• YOUR GOAL: Copy the lines below, word for word, from the first through the line containing "line L0 (-165, 65) -> (165, 65)". Leave the pictures out.
Start of EXERCISE MATERIAL
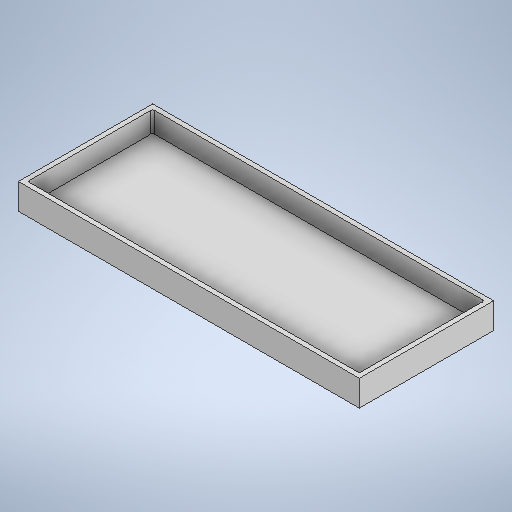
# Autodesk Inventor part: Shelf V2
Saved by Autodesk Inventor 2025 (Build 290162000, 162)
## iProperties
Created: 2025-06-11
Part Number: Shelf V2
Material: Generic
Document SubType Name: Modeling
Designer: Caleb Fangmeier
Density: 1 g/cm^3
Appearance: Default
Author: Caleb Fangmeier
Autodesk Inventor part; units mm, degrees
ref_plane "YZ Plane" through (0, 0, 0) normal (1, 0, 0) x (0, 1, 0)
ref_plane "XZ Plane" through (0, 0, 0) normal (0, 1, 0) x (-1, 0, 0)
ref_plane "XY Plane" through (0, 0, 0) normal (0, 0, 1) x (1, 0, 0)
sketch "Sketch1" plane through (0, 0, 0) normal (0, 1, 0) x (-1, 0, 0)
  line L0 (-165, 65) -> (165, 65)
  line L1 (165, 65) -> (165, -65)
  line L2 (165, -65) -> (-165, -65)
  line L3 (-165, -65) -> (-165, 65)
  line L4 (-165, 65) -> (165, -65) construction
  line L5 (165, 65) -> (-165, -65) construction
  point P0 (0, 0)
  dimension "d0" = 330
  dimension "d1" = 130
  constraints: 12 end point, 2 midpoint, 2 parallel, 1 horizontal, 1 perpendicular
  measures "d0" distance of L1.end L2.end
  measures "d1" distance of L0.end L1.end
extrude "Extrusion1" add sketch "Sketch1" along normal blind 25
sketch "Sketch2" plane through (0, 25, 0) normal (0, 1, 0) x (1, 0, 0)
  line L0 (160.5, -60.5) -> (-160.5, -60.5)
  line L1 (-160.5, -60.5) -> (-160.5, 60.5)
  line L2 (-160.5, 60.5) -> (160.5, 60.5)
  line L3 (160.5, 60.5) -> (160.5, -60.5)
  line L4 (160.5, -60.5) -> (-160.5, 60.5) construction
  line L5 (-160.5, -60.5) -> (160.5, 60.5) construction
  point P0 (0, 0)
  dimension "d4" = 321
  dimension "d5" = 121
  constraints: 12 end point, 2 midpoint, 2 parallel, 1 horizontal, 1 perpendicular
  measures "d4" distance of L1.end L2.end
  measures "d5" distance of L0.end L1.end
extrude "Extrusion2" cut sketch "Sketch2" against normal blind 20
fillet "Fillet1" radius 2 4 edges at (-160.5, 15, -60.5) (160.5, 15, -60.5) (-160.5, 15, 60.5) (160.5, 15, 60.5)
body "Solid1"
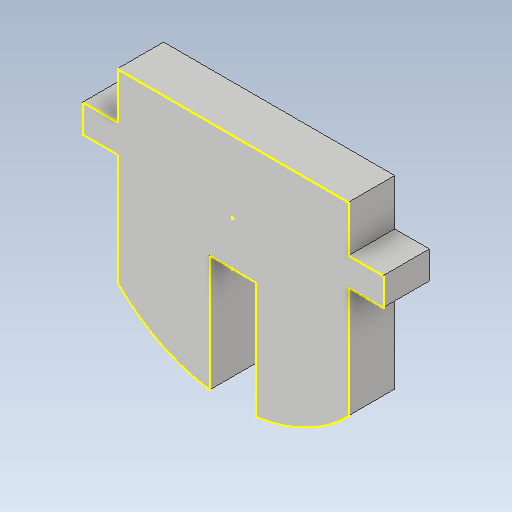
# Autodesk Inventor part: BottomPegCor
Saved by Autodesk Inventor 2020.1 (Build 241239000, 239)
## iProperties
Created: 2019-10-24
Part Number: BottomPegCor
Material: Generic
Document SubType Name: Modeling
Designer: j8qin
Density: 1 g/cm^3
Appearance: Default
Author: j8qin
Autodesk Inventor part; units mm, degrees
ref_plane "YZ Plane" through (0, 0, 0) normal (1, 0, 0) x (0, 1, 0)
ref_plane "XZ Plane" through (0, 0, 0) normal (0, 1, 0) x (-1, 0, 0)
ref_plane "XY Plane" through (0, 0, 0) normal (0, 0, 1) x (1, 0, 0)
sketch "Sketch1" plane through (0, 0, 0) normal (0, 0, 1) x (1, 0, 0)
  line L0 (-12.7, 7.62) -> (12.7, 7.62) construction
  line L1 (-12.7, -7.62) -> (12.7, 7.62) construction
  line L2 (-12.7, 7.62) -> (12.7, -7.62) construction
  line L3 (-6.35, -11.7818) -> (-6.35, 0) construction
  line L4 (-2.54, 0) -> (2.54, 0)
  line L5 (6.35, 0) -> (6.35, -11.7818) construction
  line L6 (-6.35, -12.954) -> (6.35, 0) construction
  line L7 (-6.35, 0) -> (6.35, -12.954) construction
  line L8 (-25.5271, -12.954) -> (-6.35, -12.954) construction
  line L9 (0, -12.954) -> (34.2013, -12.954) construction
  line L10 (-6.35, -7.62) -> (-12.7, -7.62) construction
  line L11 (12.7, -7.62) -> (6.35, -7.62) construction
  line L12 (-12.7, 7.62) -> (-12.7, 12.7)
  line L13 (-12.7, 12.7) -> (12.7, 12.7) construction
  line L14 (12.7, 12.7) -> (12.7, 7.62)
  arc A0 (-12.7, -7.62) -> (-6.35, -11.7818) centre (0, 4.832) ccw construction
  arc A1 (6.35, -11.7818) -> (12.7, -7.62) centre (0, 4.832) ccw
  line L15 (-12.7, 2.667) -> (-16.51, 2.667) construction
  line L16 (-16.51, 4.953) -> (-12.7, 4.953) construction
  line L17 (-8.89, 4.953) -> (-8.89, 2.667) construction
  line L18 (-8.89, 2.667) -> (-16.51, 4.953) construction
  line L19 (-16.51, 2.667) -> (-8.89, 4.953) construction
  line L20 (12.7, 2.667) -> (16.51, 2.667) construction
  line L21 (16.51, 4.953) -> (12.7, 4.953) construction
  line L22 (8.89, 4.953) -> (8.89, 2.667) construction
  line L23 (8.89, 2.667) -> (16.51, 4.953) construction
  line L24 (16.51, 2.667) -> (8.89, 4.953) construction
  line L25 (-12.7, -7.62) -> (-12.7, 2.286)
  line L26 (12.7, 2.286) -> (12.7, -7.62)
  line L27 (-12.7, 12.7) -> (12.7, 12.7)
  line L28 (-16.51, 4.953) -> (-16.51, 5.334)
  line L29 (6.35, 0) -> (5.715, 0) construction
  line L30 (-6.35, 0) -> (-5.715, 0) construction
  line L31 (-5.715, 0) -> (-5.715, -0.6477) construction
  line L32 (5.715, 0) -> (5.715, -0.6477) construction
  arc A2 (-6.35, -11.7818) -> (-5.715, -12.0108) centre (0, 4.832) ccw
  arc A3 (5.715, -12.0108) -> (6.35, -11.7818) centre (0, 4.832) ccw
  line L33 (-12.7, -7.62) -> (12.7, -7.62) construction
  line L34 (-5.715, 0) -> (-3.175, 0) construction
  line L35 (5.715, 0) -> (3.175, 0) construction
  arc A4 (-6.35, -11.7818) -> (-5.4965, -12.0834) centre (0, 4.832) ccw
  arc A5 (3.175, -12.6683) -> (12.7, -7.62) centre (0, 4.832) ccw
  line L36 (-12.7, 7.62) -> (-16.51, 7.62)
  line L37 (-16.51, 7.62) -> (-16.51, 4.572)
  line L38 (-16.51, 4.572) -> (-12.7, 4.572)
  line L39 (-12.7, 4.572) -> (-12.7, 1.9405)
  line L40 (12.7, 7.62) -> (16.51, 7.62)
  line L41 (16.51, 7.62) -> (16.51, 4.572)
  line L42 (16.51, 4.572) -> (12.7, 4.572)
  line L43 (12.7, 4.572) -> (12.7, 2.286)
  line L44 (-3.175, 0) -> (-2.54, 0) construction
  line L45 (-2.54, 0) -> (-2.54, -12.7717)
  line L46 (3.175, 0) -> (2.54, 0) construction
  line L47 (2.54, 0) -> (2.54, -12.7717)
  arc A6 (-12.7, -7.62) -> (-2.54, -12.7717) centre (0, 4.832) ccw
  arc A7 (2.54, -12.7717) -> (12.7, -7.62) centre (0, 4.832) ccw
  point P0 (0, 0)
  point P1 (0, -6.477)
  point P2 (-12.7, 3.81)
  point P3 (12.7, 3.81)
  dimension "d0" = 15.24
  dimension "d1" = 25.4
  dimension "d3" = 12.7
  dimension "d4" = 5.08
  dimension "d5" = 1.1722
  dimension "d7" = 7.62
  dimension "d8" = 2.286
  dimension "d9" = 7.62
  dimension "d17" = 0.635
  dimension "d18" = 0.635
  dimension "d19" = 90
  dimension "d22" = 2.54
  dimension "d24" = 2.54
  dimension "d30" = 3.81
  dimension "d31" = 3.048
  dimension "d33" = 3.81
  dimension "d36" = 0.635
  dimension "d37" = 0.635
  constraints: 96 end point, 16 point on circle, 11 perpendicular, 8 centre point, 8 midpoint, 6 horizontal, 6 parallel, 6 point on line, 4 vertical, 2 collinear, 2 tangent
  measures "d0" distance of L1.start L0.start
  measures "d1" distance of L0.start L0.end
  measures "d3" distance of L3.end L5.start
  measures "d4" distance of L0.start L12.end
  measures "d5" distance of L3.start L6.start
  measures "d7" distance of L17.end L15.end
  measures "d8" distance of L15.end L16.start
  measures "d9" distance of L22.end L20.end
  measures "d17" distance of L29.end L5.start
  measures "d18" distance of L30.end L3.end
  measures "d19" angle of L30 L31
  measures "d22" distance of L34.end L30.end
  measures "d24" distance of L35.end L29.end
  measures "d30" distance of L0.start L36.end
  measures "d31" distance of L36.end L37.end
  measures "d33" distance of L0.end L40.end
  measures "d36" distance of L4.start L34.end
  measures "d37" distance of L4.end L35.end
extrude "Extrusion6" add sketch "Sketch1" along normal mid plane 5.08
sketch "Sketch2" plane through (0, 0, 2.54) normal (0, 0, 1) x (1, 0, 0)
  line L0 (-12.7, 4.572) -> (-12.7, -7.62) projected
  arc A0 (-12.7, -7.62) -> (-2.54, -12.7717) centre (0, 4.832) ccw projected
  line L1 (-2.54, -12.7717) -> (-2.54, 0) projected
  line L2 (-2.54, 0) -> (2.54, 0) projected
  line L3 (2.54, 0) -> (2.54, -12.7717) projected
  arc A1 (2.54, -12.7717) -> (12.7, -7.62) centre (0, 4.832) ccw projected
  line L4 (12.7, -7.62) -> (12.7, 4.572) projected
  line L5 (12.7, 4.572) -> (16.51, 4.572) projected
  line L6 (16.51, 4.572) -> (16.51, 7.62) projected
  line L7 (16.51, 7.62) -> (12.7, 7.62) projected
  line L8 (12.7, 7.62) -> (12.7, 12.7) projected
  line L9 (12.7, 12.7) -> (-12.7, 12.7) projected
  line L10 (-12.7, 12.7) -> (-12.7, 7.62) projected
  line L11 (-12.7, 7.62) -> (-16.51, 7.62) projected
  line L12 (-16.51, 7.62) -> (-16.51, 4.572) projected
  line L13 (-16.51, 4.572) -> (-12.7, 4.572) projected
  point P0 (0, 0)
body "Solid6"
End of EXERCISE MATERIAL
• OUTPUT FOR THIS TASK:
# Autodesk Inventor part: Shelf V2
Saved by Autodesk Inventor 2025 (Build 290162000, 162)
## iProperties
Created: 2025-06-11
Part Number: Shelf V2
Material: Generic
Document SubType Name: Modeling
Designer: Caleb Fangmeier
Density: 1 g/cm^3
Appearance: Default
Author: Caleb Fangmeier
Autodesk Inventor part; units mm, degrees
ref_plane "YZ Plane" through (0, 0, 0) normal (1, 0, 0) x (0, 1, 0)
ref_plane "XZ Plane" through (0, 0, 0) normal (0, 1, 0) x (-1, 0, 0)
ref_plane "XY Plane" through (0, 0, 0) normal (0, 0, 1) x (1, 0, 0)
sketch "Sketch1" plane through (0, 0, 0) normal (0, 1, 0) x (-1, 0, 0)
  line L0 (-165, 65) -> (165, 65)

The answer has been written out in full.